John Williams is a genius, but I can study his works without him.


----------



## leon chevalier (Dec 19, 2016)

myself !
[EDIT: Just need a desk and a mirror.... ]


----------



## dcoscina (Dec 19, 2016)

As much as I love John Williams music I'd actually say Goldsmith. He was able to get under the skin of a film like no other


----------



## Rasmus Hartvig (Dec 19, 2016)

Maurice Ravel


----------



## mac (Dec 19, 2016)

Well I see the part about the person having to still be alive has gone out of the window already


----------



## samy (Dec 19, 2016)

mac said:


> Well I see the part about the person having to still be alive has gone out of the window already



Rules are meant to be broken


----------



## mac (Dec 19, 2016)

Niel said:


> Jeremy Soule.



Good shout, I'd buy this.


----------



## anobi (Dec 19, 2016)

Another vote for Jeremy Soule. Although I'd happily settle with getting my hands on the scores of some of his works (I think he was going to make them public for his upcoming symphony), it would be interesting to see the guy working and talking about his process. He makes it sound so mystical with all the walks in the woods and so on.


----------



## Karma (Dec 19, 2016)

Williams & Morricone for me. Any would do!


----------



## fritzmartinbass (Dec 19, 2016)

Christof said:


> John Williams



Just go study some Holst and Shostakovich scores and you'll be good to go. He obviously did.
Oh, that's probably going to get me in trouble here. sorry


----------



## FinGael (Dec 19, 2016)

(Jean Sibelius. Pretty sure it's not going to happen) 

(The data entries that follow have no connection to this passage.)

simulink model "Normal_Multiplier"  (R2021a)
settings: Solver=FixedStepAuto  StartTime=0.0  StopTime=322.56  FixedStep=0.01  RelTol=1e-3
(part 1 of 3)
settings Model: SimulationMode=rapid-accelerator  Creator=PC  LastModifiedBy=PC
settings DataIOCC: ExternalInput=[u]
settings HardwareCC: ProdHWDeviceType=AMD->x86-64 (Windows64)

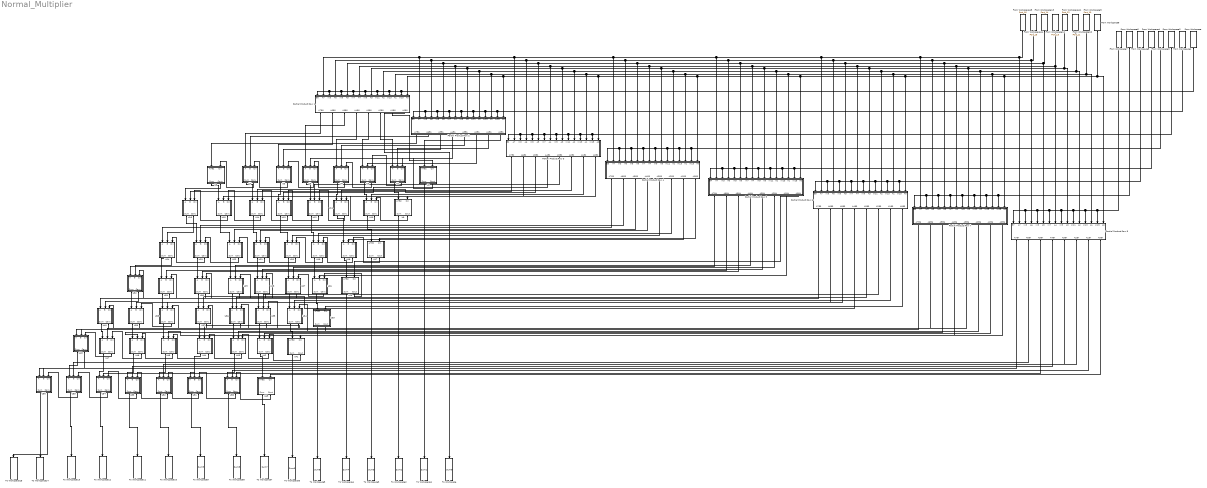
== system Normal_Multiplier ==
  From Workspace : FromWorkspace  VariableName=Port_1
  From Workspace1 : FromWorkspace  VariableName=Port_2
  From Workspace10 : FromWorkspace  VariableName=Port_11
  From Workspace11 : FromWorkspace  VariableName=Port_12
  From Workspace12 : FromWorkspace  VariableName=Port_13
  From Workspace13 : FromWorkspace  VariableName=Port_14
  From Workspace14 : FromWorkspace  VariableName=Port_15
  From Workspace15 : FromWorkspace  VariableName=Port_16
  From Workspace2 : FromWorkspace  VariableName=Port_3
  From Workspace3 : FromWorkspace  VariableName=Port_4
  From Workspace4 : FromWorkspace  VariableName=Port_5
  From Workspace5 : FromWorkspace  VariableName=Port_6
  From Workspace6 : FromWorkspace  VariableName=Port_7
  From Workspace7 : FromWorkspace  VariableName=Port_8
  From Workspace8 : FromWorkspace  VariableName=Port_9
  From Workspace9 : FromWorkspace  VariableName=Port_10
  Partial Product Row 1 : Subsystem
  Partial Product Row 2 : Subsystem
  Partial Product Row 3 : Subsystem
  Partial Product Row 4 : Subsystem
  Partial Product Row 5 : Subsystem
  Partial Product Row 6 : Subsystem
  Partial Product Row 7 : Subsystem
  Partial Product Row 8 : Subsystem
  To Workspace : ToWorkspace  VariableName=Sum0  SampleTime=0.01
      settings: Save2DSignal=2-D array (concatenate along first dimension)
  To Workspace1 : ToWorkspace  VariableName=Sum1  SampleTime=0.01
      settings: Save2DSignal=2-D array (concatenate along first dimension)
  To Workspace10 : ToWorkspace  VariableName=Sum10  SampleTime=0.01
      settings: Save2DSignal=2-D array (concatenate along first dimension)
  To Workspace11 : ToWorkspace  VariableName=Sum11  SampleTime=0.01
      settings: Save2DSignal=2-D array (concatenate along first dimension)
  To Workspace12 : ToWorkspace  VariableName=Sum12  SampleTime=0.01
      settings: Save2DSignal=2-D array (concatenate along first dimension)
  To Workspace13 : ToWorkspace  VariableName=Sum13  SampleTime=0.01
      settings: Save2DSignal=2-D array (concatenate along first dimension)
  To Workspace14 : ToWorkspace  VariableName=Sum14  SampleTime=0.01
      settings: Save2DSignal=2-D array (concatenate along first dimension)
  To Workspace15 : ToWorkspace  VariableName=Sum15  SampleTime=0.01
      settings: Save2DSignal=2-D array (concatenate along first dimension)
  To Workspace2 : ToWorkspace  VariableName=Sum2  SampleTime=0.01
      settings: Save2DSignal=2-D array (concatenate along first dimension)
  To Workspace3 : ToWorkspace  VariableName=Sum3  SampleTime=0.01
      settings: Save2DSignal=2-D array (concatenate along first dimension)
  To Workspace4 : ToWorkspace  VariableName=Sum4  SampleTime=0.01
      settings: Save2DSignal=2-D array (concatenate along first dimension)
  To Workspace5 : ToWorkspace  VariableName=Sum5  SampleTime=0.01
      settings: Save2DSignal=2-D array (concatenate along first dimension)
  To Workspace6 : ToWorkspace  VariableName=Sum6  SampleTime=0.01
      settings: Save2DSignal=2-D array (concatenate along first dimension)
  To Workspace7 : ToWorkspace  VariableName=Sum7  SampleTime=0.01
      settings: Save2DSignal=2-D array (concatenate along first dimension)
  To Workspace8 : ToWorkspace  VariableName=Sum8  SampleTime=0.01
      settings: Save2DSignal=2-D array (concatenate along first dimension)
  To Workspace9 : ToWorkspace  VariableName=Sum9  SampleTime=0.01
      settings: Save2DSignal=2-D array (concatenate along first dimension)
  U1 : Subsystem
  U10 : Subsystem
  U11 : Subsystem
  U12 : Subsystem
  U13 : Subsystem
  U14 : Subsystem
  U15 : Subsystem
  U16 : Subsystem
  U17 : Subsystem
  U18 : Subsystem
  U19 : Subsystem
  U2 : Subsystem
  U20 : Subsystem
  U21 : Subsystem
  U22 : Subsystem
  U23 : Subsystem
  U24 : Subsystem
  U25 : Subsystem
  U26 : Subsystem
  U27 : Subsystem
  U28 : Subsystem
  U29 : Subsystem
  U3 : Subsystem
  U30 : Subsystem
  U31 : Subsystem
  U32 : Subsystem
  U33 : Subsystem
  U34 : Subsystem
  U35 : Subsystem
  U36 : Subsystem
  U37 : Subsystem
  U38 : Subsystem
  U39 : Subsystem
  U4 : Subsystem
  U40 : Subsystem
  U41 : Subsystem
  U42 : Subsystem
  U43 : Subsystem
  U44 : Subsystem
  U45 : Subsystem
  U46 : Subsystem
  U47 : Subsystem
  U48 : Subsystem
  U49 : Subsystem
  U5 : Subsystem
  U50 : Subsystem
  U51 : Subsystem
  U52 : Subsystem
  U53 : Subsystem
  U54 : Subsystem
  U55 : Subsystem
  U56 : Subsystem
  U6 : Subsystem
  U7 : Subsystem
  U8 : Subsystem
  U9 : Subsystem
  wires:
  From Workspace8/1 -> Partial Product Row 8/16(A0), Partial Product Row 7/16(A0), Partial Product Row 6/16(A0), Partial Product Row 4/16(A0), Partial Product Row 3/16(A0), Partial Product Row 1/16(A0), Partial Product Row 2/16(A0), Partial Product Row 5/16(A0)
  From Workspace9/1 -> Partial Product Row 8/14(A1), Partial Product Row 7/14(A1), Partial Product Row 4/14(A1), Partial Product Row 1/14(A1), Partial Product Row 2/14(A1), Partial Product Row 3/14(A1), Partial Product Row 5/14(A1), Partial Product Row 6/14(A1)
  From Workspace10/1 -> Partial Product Row 8/12(A2), Partial Product Row 7/12(A2), Partial Product Row 5/12(A2), Partial Product Row 4/12(A2), Partial Product Row 3/12(A2), Partial Product Row 1/12(A2), Partial Product Row 2/12(A2), Partial Product Row 6/12(A2)
  From Workspace11/1 -> Partial Product Row 8/10(A3), Partial Product Row 6/10(A3), Partial Product Row 4/10(A3), Partial Product Row 3/10(A3), Partial Product Row 1/10(A3), Partial Product Row 2/10(A3), Partial Product Row 5/10(A3), Partial Product Row 7/10(A3)
  From Workspace12/1 -> Partial Product Row 8/8(A4), Partial Product Row 6/8(A4), Partial Product Row 4/8(A4), Partial Product Row 3/8(A4), Partial Product Row 1/8(A4), Partial Product Row 2/8(A4), Partial Product Row 5/8(A4), Partial Product Row 7/8(A4)
  From Workspace13/1 -> Partial Product Row 8/6(A5), Partial Product Row 6/6(A5), Partial Product Row 4/6(A5), Partial Product Row 3/6(A5), Partial Product Row 1/6(A5), Partial Product Row 2/6(A5), Partial Product Row 5/6(A5), Partial Product Row 7/6(A5)
  From Workspace14/1 -> Partial Product Row 8/4(A6), Partial Product Row 7/4(A6), Partial Product Row 6/4(A6), Partial Product Row 5/4(A6), Partial Product Row 4/4(A6), Partial Product Row 3/4(A6), Partial Product Row 1/4(A6), Partial Product Row 2/4(A6)
  From Workspace15/1 -> Partial Product Row 7/2(A7), Partial Product Row 5/2(A7), Partial Product Row 4/2(A7), Partial Product Row 3/2(A7), Partial Product Row 1/2(A7), Partial Product Row 2/2(A7), Partial Product Row 6/2(A7), Partial Product Row 8/2(A7)
  From Workspace/1 -> Partial Product Row 1/3(In3), Partial Product Row 1/1(B0), Partial Product Row 1/5(In5), Partial Product Row 1/7(In7), Partial Product Row 1/9(In9), Partial Product Row 1/11(In11), Partial Product Row 1/13(In13), Partial Product Row 1/15(In15)
  From Workspace1/1 -> Partial Product Row 2/15(In15), Partial Product Row 2/5(In5), Partial Product Row 2/3(In3), Partial Product Row 2/1(B1), Partial Product Row 2/7(In7), Partial Product Row 2/9(In9), Partial Product Row 2/11(In11), Partial Product Row 2/13(In13)
  From Workspace2/1 -> Partial Product Row 3/13(In13), Partial Product Row 3/7(In7), Partial Product Row 3/5(In5), Partial Product Row 3/3(In3), Partial Product Row 3/1(B2), Partial Product Row 3/9(In9), Partial Product Row 3/11(In11), Partial Product Row 3/15(In15)
  From Workspace3/1 -> Partial Product Row 4/15(In15), Partial Product Row 4/13(In13), Partial Product Row 4/11(In11), Partial Product Row 4/9(In9), Partial Product Row 4/7(In7), Partial Product Row 4/5(In5), Partial Product Row 4/1(B3), Partial Product Row 4/3(In3)
  From Workspace4/1 -> Partial Product Row 5/15(In15), Partial Product Row 5/13(In13), Partial Product Row 5/11(In11), Partial Product Row 5/7(In7), Partial Product Row 5/5(In5), Partial Product Row 5/1(B4), Partial Product Row 5/3(In3), Partial Product Row 5/9(In9)
  From Workspace5/1 -> Partial Product Row 6/7(In7), Partial Product Row 6/5(In5), Partial Product Row 6/1(B5), Partial Product Row 6/3(In3), Partial Product Row 6/9(In9), Partial Product Row 6/11(In11), Partial Product Row 6/13(In13), Partial Product Row 6/15(In15)
  From Workspace6/1 -> Partial Product Row 7/13(In13), Partial Product Row 7/7(In7), Partial Product Row 7/5(In5), Partial Product Row 7/1(B6), Partial Product Row 7/3(In3), Partial Product Row 7/9(In9), Partial Product Row 7/11(In11), Partial Product Row 7/15(In15)
  From Workspace7/1 -> Partial Product Row 8/11(In11), Partial Product Row 8/9(In9), Partial Product Row 8/7(In7), Partial Product Row 8/5(In5), Partial Product Row 8/3(In3), Partial Product Row 8/1(B7), Partial Product Row 8/13(In13), Partial Product Row 8/15(In15)
  U17/1(Sum) -> To Workspace3/1
  Partial Product Row 1/8(A0B0) -> To Workspace/1
  U49/2(Cout) -> U50/3(Cin)
  U43/1(Sum) -> U50/1(A)
  U50/2(Carry) -> U51/3(Cin)
  U44/1(Sum) -> U51/1(A)
  U51/2(Carry) -> U52/3(Cin)
  U45/1(Sum) -> U52/1(A)
  U52/2(Carry) -> U53/3(Cin)
  U46/1(Sum) -> U53/1(A)
  U53/2(Carry) -> U54/3(Cin)
  U47/1(Sum) -> U54/1(A)
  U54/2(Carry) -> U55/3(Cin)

_edit: Oops. Did not read the opening post that well. 
_
Let me say Jeremy Soule.

Really love many of his compositions, but not so fond of the ways he has handled projects (especially Northerner) and treated people lately (online). Still so inspiring and talented composer, that at this moment he would be my choice.


----------



## keepforest (Dec 19, 2016)

FinGael said:


> Let me say Jeremy Soule.



+1 for Jeremy


----------



## Vin (Dec 19, 2016)

Trent Reznor & Atticus Ross


----------



## Tatu (Dec 19, 2016)

James Newton Howard.


----------



## URL (Dec 19, 2016)

John Powell


----------



## IoannisGutevas (Dec 19, 2016)

Thomas Bergersen


----------



## benmrx (Dec 19, 2016)

Danny Elfman


----------



## Flux (Dec 19, 2016)

It would be tough to choose between Thomas Newman, Alexandre Desplat, or Dario Marianelli.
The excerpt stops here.